This repo provides a relative analysis of costs of living in several EU and non-EU cities.
All data has been sourced from Numbeo.com around May 2024.

Installation requirements

Make sure to have python 3 installed. Then run:

git clone https://github.com/Danver97/cost_of_living.git
cd cost_of_living
pip install -r requirements.txt

Usage

This projects has been designed to be open for modification.

Currently there are two scripts:

  • collect.py used for gathering data. It writes (overwrites if already present) cities.csv.
  • analysis.py used for plotting and analysis. It reads cities.csv in the same repo directory.

A small dataset of ~100 cities is already provided under cities.csv. Feel free to add more countries and cities to collect in collect.py.

Analysis

The goal of the analysis was to evaluate each country and city overall affordabily for an average person living there and earning an average local net salary.

Note: this is a relative analysis. Data may not be 100% accurate, but should be good enough to get an overall comparison between different cities and countries.
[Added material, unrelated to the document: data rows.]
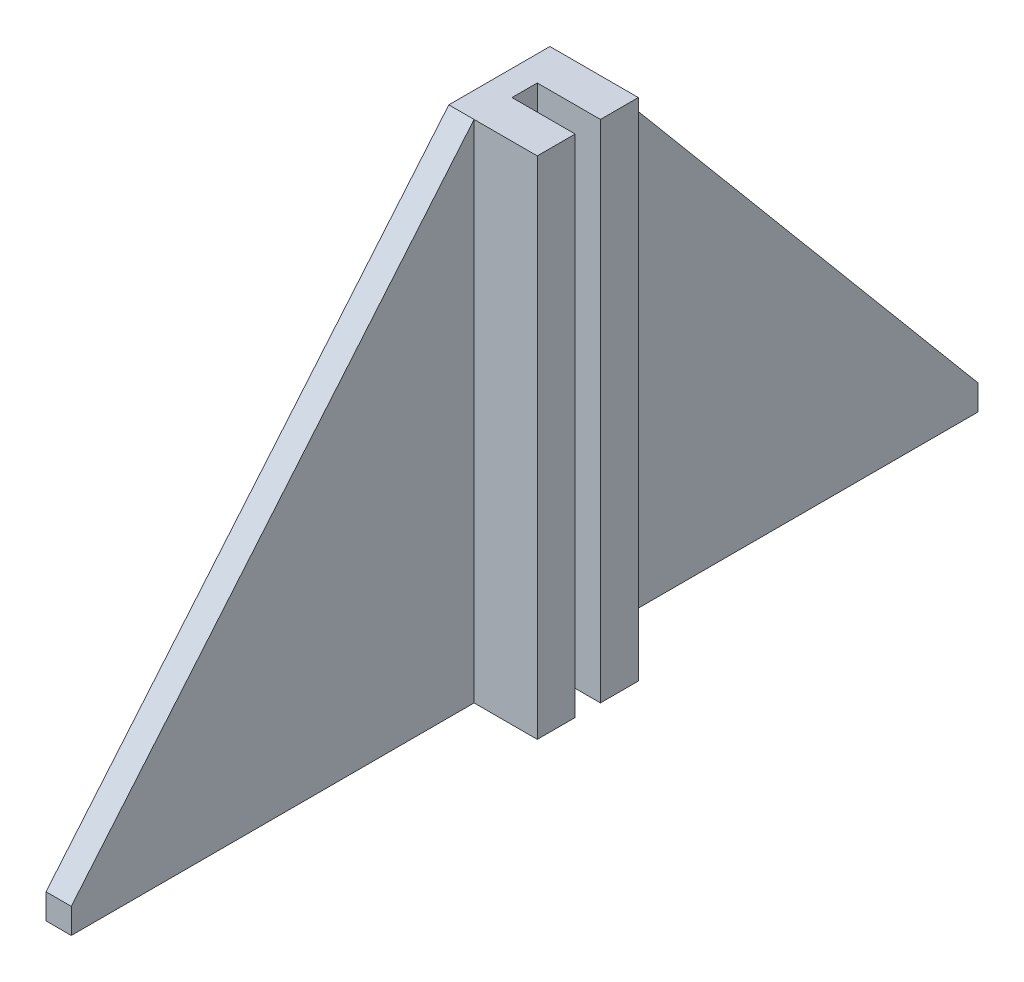
from build123d import *

# Parameters (mm, degrees)
BOSS_EXTRUDE1_DEPTH = 20
SKETCH3_W           = 30
SKETCH3_H           = 400
BOSS_EXTRUDE2_DEPTH = 50


with BuildPart() as part:
    # Sketch2 → Boss-Extrude1 (new body)
    with BuildSketch(Plane(origin=(0, 0, 0), x_dir=(0, 0, -1), z_dir=(1, 0, 0))):
        Polygon((-40, 400), (40, 400), (358.857859847, 20), (358.857859847, 0), (-358.857859847, 0), (-358.857859847, 20), align=None)
    extrude(amount=BOSS_EXTRUDE1_DEPTH)

    # Sketch3 → Boss-Extrude2 (add)
    with BuildSketch(Plane(origin=(20, 0, 0), x_dir=(0, 0, -1), z_dir=(1, 0, 0))):
        with Locations((-25, 200)):
            Rectangle(SKETCH3_W, SKETCH3_H)
        with Locations((25, 200)):
            Rectangle(SKETCH3_W, SKETCH3_H)
    extrude(amount=BOSS_EXTRUDE2_DEPTH)


solid = part.part
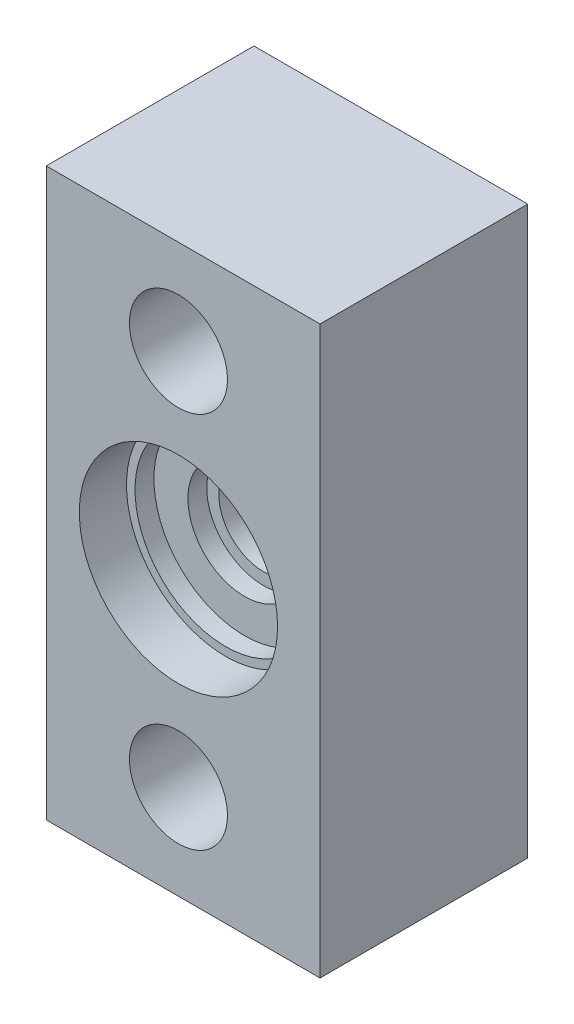
from build123d import *

# Parameters (mm, degrees)
SKETCH1_W               = 15
SKETCH1_H               = 30
BOSS_EXTRUDE1_DEPTH     = 6
SKETCH2_R               = 5.25
CUT_EXTRUDE1_DEPTH      = 2.5
SKETCH4_R               = 4.8
CUT_EXTRUDE3_DEPTH      = 1
SKETCH5_R               = 2.36
CUT_EXTRUDE4_DEPTH      = 4.5
CUT_EXTRUDE4_DEPTH_BACK = 5
CUT_EXTRUDE6_DEPTH      = 7
CUT_EXTRUDE6_DEPTH_BACK = 1
SKETCH11_W              = 14.5
SKETCH11_H              = 30
BOSS_EXTRUDE5_DEPTH     = 5
SKETCH12_R              = 4
CUT_EXTRUDE8_DEPTH      = 5
SKETCH13_R              = 2.595
CUT_EXTRUDE9_DEPTH      = 12
SKETCH14_R              = 3
CUT_EXTRUDE10_DEPTH     = 1


with BuildPart() as part:
    # Sketch1 → Boss-Extrude1 (new body)
    with BuildSketch(Plane.XY):
        Rectangle(SKETCH1_W, SKETCH1_H)
    extrude(amount=BOSS_EXTRUDE1_DEPTH)

    # Sketch2 → Cut-Extrude1 (cut)
    with BuildSketch(Plane.XY.offset(6)):
        Circle(SKETCH2_R)
    extrude(amount=-CUT_EXTRUDE1_DEPTH, mode=Mode.SUBTRACT)

    # Sketch4 → Cut-Extrude3 (cut)
    with BuildSketch(Plane.XY.offset(3.5)):
        Circle(SKETCH4_R)
    extrude(amount=-CUT_EXTRUDE3_DEPTH, mode=Mode.SUBTRACT)

    # Sketch5 → Cut-Extrude4 (cut, two sides)
    with BuildSketch(Plane.XY.offset(2.5)) as cut_extrude4_sk:
        Circle(SKETCH5_R)
    extrude(amount=CUT_EXTRUDE4_DEPTH, mode=Mode.SUBTRACT)
    extrude(cut_extrude4_sk.sketch, amount=-CUT_EXTRUDE4_DEPTH_BACK, mode=Mode.SUBTRACT)

    # Sketch6 → Cut-Extrude6 (cut, two sides)
    with BuildSketch(Plane.XY) as cut_extrude6_sk:
        Polygon((-7, 91.640828326), (-7, 15), (-7, -15), (-7, -91.640828326), (-160.281656652, -91.640828326), (-160.281656652, 91.640828326), align=None)
    extrude(amount=CUT_EXTRUDE6_DEPTH, mode=Mode.SUBTRACT)
    extrude(cut_extrude6_sk.sketch, amount=-CUT_EXTRUDE6_DEPTH_BACK, mode=Mode.SUBTRACT)

    # Sketch11 → Boss-Extrude5 (add)
    with BuildSketch(Plane(origin=(0, 0, 0), x_dir=(-1, 0, 0), z_dir=(0, 0, -1))):
        with Locations((-0.25, 0)):
            Rectangle(SKETCH11_W, SKETCH11_H)
    extrude(amount=BOSS_EXTRUDE5_DEPTH)

    # Sketch12 → Cut-Extrude8 (cut)
    with BuildSketch(Plane(origin=(0, 0, -5), x_dir=(-1, 0, 0), z_dir=(0, 0, -1))):
        Circle(SKETCH12_R)
    extrude(amount=-CUT_EXTRUDE8_DEPTH, mode=Mode.SUBTRACT)

    # Sketch13 → Cut-Extrude9 (cut, through all)
    with BuildSketch(Plane(origin=(0, 0, -5), x_dir=(-1, 0, 0), z_dir=(0, 0, -1))):
        with Locations((0, -10)):
            Circle(SKETCH13_R)
        with Locations((0, 10)):
            Circle(SKETCH13_R)
    extrude(amount=-CUT_EXTRUDE9_DEPTH, mode=Mode.SUBTRACT)

    # Sketch14 → Cut-Extrude10 (cut)
    with BuildSketch(Plane.XY.offset(2.5)):
        Circle(SKETCH14_R)
    extrude(amount=-CUT_EXTRUDE10_DEPTH, mode=Mode.SUBTRACT)


solid = part.part

Currently data from the following countries have been collected. The top N cities by population for every country have been considered, where N varies depending on the country overall population size and data availability from Numbeo.com. In general, cities with less than 200 entries have not been considered.

Countries considered for collection (two-letter country codes): AT, AU, BE, CA, CH, CZ, DE, DK, ES, FI, FR, HU, IE, IS, IT, LU, NL, NO, PL, PT, RO, SE, SK, UK, US.

For the analysis of the affordability the following metrics have been considered:

  • Average saving rate when renting alone (living in the city centre and outside the city centre)
  • House price compared to the average monthly salary and the average month savings (city centre and outside the city centre)

For the house price specifically, when compared to the average monthly savings a solo-rent has been considered into the living expenses. In this way, I personally feel it better captures how hard it is to save without external help for a house downpayment.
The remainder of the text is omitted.